▶ _TASK DIRECTIONS_
From the top of the records below down to the line containing "note: Motor torku", reproduce every line exactly.

▶ _SOURCE DATA_
▶
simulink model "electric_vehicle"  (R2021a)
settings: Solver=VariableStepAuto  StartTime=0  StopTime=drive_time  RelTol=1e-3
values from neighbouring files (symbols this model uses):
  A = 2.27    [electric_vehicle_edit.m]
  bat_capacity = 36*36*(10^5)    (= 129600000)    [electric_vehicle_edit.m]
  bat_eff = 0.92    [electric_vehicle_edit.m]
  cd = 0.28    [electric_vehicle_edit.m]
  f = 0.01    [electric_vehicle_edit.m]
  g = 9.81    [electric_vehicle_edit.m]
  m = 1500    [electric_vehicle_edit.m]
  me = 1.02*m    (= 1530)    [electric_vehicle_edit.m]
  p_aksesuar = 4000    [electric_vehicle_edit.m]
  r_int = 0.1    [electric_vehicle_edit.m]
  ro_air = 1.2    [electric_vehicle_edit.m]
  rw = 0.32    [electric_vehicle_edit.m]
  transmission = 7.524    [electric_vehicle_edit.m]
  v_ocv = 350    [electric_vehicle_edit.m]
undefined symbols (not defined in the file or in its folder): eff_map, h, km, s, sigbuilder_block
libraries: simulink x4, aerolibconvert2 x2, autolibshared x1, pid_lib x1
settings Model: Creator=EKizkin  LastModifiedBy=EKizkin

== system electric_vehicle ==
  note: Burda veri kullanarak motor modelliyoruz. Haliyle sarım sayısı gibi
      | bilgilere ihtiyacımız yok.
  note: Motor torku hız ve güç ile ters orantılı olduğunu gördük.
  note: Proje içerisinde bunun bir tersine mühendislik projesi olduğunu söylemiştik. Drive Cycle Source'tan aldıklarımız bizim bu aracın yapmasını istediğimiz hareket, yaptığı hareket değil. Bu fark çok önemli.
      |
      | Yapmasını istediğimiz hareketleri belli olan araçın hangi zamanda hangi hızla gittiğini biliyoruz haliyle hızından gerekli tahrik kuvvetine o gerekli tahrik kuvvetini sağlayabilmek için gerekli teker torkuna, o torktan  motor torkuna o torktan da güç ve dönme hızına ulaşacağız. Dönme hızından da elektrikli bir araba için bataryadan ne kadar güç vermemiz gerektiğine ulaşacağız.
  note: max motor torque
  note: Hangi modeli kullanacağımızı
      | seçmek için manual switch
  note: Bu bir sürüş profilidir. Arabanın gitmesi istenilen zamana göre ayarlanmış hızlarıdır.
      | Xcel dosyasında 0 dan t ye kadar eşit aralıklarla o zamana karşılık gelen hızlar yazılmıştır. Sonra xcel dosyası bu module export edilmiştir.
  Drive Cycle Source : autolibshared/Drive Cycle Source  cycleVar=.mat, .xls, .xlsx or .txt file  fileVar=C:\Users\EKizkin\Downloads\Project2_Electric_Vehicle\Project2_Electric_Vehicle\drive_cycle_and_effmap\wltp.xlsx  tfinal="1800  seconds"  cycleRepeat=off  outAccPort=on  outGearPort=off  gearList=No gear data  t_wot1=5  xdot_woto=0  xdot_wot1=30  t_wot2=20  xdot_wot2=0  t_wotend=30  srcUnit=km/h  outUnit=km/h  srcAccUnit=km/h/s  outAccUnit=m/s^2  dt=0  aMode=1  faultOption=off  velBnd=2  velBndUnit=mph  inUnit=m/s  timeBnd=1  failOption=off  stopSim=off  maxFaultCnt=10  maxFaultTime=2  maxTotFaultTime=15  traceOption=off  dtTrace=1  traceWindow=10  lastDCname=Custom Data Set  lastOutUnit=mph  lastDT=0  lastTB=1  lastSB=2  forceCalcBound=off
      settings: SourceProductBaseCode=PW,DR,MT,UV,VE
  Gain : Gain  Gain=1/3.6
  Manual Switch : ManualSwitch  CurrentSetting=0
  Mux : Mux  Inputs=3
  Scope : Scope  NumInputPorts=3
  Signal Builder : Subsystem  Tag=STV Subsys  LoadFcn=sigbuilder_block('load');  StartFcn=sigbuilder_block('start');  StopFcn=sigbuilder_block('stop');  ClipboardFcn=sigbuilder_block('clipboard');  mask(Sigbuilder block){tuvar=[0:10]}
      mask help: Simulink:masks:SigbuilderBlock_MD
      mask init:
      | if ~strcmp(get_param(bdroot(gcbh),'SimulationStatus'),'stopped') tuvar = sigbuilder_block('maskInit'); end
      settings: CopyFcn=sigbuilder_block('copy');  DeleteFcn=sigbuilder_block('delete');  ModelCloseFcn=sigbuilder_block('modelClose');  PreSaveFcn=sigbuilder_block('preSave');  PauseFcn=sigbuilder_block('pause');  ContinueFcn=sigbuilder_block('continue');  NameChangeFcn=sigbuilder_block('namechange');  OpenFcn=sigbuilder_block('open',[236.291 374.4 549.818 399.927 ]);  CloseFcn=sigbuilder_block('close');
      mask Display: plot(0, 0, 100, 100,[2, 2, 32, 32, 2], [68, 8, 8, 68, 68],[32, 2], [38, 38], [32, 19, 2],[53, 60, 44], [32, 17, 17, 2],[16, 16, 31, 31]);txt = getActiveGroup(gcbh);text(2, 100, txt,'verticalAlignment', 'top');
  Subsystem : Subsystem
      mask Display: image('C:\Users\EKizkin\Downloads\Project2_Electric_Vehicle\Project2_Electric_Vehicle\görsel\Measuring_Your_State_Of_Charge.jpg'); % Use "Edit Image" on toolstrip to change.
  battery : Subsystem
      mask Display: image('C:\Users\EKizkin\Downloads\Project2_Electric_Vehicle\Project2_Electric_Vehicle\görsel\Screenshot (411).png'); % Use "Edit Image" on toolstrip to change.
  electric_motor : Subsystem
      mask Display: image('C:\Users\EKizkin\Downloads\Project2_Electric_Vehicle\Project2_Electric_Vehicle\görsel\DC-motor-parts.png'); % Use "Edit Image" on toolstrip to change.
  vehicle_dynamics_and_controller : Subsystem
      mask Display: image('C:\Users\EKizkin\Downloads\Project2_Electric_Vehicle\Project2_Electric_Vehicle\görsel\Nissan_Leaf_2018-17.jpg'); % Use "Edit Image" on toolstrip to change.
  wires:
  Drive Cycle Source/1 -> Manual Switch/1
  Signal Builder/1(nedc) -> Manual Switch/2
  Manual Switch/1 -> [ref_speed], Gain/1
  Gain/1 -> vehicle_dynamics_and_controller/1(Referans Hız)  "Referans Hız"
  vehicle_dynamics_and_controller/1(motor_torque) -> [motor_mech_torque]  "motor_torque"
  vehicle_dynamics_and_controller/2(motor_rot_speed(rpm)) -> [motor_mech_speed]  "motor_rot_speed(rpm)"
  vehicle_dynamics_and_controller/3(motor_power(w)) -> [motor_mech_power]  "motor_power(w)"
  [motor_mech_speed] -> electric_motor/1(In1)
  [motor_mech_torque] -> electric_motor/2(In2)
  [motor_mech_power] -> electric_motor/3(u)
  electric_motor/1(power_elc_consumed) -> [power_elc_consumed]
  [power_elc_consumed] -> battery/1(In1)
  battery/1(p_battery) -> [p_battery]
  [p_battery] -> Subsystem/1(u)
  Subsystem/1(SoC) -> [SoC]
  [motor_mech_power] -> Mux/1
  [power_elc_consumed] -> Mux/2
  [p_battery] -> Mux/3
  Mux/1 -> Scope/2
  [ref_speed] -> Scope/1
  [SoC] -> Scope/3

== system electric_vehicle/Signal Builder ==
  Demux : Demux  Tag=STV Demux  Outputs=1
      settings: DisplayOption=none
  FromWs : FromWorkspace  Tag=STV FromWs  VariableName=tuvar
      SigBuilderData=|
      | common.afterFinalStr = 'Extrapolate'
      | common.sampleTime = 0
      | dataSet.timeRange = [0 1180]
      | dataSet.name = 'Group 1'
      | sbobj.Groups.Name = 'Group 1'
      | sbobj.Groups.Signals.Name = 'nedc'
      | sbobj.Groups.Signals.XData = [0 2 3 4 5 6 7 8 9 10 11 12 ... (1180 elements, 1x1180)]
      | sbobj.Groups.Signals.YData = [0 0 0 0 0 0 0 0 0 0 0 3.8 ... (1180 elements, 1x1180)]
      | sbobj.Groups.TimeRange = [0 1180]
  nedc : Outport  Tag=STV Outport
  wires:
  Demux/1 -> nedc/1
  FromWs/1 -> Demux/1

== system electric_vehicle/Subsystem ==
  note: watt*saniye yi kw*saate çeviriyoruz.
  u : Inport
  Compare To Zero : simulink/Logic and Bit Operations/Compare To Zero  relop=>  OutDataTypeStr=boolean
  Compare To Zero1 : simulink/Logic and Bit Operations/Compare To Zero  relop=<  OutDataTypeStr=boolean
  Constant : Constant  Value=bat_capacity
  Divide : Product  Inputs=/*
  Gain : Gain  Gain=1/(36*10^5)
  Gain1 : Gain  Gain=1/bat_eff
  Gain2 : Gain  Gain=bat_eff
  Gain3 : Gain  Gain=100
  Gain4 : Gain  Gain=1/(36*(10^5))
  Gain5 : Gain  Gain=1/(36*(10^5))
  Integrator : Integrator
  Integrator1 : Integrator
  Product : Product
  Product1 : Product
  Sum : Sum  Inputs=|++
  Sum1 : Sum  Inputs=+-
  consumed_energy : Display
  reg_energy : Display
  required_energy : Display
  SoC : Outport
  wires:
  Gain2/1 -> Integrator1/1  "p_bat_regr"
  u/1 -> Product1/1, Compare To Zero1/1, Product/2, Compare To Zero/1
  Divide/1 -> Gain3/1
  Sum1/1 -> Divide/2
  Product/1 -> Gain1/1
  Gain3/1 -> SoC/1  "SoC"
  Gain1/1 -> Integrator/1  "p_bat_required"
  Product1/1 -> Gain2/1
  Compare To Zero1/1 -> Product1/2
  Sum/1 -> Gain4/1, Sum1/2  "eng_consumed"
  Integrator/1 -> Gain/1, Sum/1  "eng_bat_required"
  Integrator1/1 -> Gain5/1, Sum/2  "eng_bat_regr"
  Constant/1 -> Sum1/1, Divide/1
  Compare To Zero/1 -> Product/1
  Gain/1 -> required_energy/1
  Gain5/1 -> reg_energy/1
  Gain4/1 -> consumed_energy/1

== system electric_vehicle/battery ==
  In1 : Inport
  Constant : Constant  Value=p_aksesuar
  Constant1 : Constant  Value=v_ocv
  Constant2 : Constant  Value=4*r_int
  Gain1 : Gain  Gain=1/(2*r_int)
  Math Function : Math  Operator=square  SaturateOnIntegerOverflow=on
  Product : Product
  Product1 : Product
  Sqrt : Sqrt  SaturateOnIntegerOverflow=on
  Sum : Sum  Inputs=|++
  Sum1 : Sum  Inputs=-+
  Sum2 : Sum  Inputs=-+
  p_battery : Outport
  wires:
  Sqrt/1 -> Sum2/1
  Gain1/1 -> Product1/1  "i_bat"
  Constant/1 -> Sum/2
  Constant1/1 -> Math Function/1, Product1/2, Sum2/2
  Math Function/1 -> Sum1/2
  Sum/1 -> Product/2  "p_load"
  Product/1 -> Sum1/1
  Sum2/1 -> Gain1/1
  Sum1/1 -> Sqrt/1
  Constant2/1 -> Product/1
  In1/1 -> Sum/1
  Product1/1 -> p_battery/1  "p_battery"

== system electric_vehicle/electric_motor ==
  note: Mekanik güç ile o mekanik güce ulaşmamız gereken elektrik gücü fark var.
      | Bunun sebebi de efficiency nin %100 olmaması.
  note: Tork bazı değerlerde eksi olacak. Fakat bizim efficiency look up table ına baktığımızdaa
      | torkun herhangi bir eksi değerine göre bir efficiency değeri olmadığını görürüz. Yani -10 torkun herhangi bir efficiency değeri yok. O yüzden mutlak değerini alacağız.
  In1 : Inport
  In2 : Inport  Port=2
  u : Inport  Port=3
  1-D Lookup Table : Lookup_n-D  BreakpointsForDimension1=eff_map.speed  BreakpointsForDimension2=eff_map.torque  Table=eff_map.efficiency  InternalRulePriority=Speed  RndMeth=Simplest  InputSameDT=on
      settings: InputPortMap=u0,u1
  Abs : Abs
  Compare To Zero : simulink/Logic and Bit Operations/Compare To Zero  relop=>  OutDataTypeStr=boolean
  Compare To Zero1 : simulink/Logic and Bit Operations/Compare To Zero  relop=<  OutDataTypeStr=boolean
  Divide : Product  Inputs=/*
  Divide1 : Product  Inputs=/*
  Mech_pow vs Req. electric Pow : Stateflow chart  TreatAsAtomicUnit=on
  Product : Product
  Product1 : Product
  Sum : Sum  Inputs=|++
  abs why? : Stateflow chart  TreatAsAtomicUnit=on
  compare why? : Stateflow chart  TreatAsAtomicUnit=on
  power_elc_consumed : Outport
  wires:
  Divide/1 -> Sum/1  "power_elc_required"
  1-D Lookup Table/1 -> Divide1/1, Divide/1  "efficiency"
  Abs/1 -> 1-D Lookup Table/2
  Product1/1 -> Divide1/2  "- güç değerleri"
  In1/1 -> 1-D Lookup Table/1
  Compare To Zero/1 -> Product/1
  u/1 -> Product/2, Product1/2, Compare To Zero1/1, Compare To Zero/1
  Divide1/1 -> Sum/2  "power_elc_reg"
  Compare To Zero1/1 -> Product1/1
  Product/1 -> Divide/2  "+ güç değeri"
◀
▶ _THE ANSWER_
simulink model "electric_vehicle"  (R2021a)
settings: Solver=VariableStepAuto  StartTime=0  StopTime=drive_time  RelTol=1e-3
values from neighbouring files (symbols this model uses):
  A = 2.27    [electric_vehicle_edit.m]
  bat_capacity = 36*36*(10^5)    (= 129600000)    [electric_vehicle_edit.m]
  bat_eff = 0.92    [electric_vehicle_edit.m]
  cd = 0.28    [electric_vehicle_edit.m]
  f = 0.01    [electric_vehicle_edit.m]
  g = 9.81    [electric_vehicle_edit.m]
  m = 1500    [electric_vehicle_edit.m]
  me = 1.02*m    (= 1530)    [electric_vehicle_edit.m]
  p_aksesuar = 4000    [electric_vehicle_edit.m]
  r_int = 0.1    [electric_vehicle_edit.m]
  ro_air = 1.2    [electric_vehicle_edit.m]
  rw = 0.32    [electric_vehicle_edit.m]
  transmission = 7.524    [electric_vehicle_edit.m]
  v_ocv = 350    [electric_vehicle_edit.m]
undefined symbols (not defined in the file or in its folder): eff_map, h, km, s, sigbuilder_block
libraries: simulink x4, aerolibconvert2 x2, autolibshared x1, pid_lib x1
settings Model: Creator=EKizkin  LastModifiedBy=EKizkin

== system electric_vehicle ==
  note: Burda veri kullanarak motor modelliyoruz. Haliyle sarım sayısı gibi
      | bilgilere ihtiyacımız yok.
  note: Motor torku hız ve güç ile ters orantılı olduğunu gördük.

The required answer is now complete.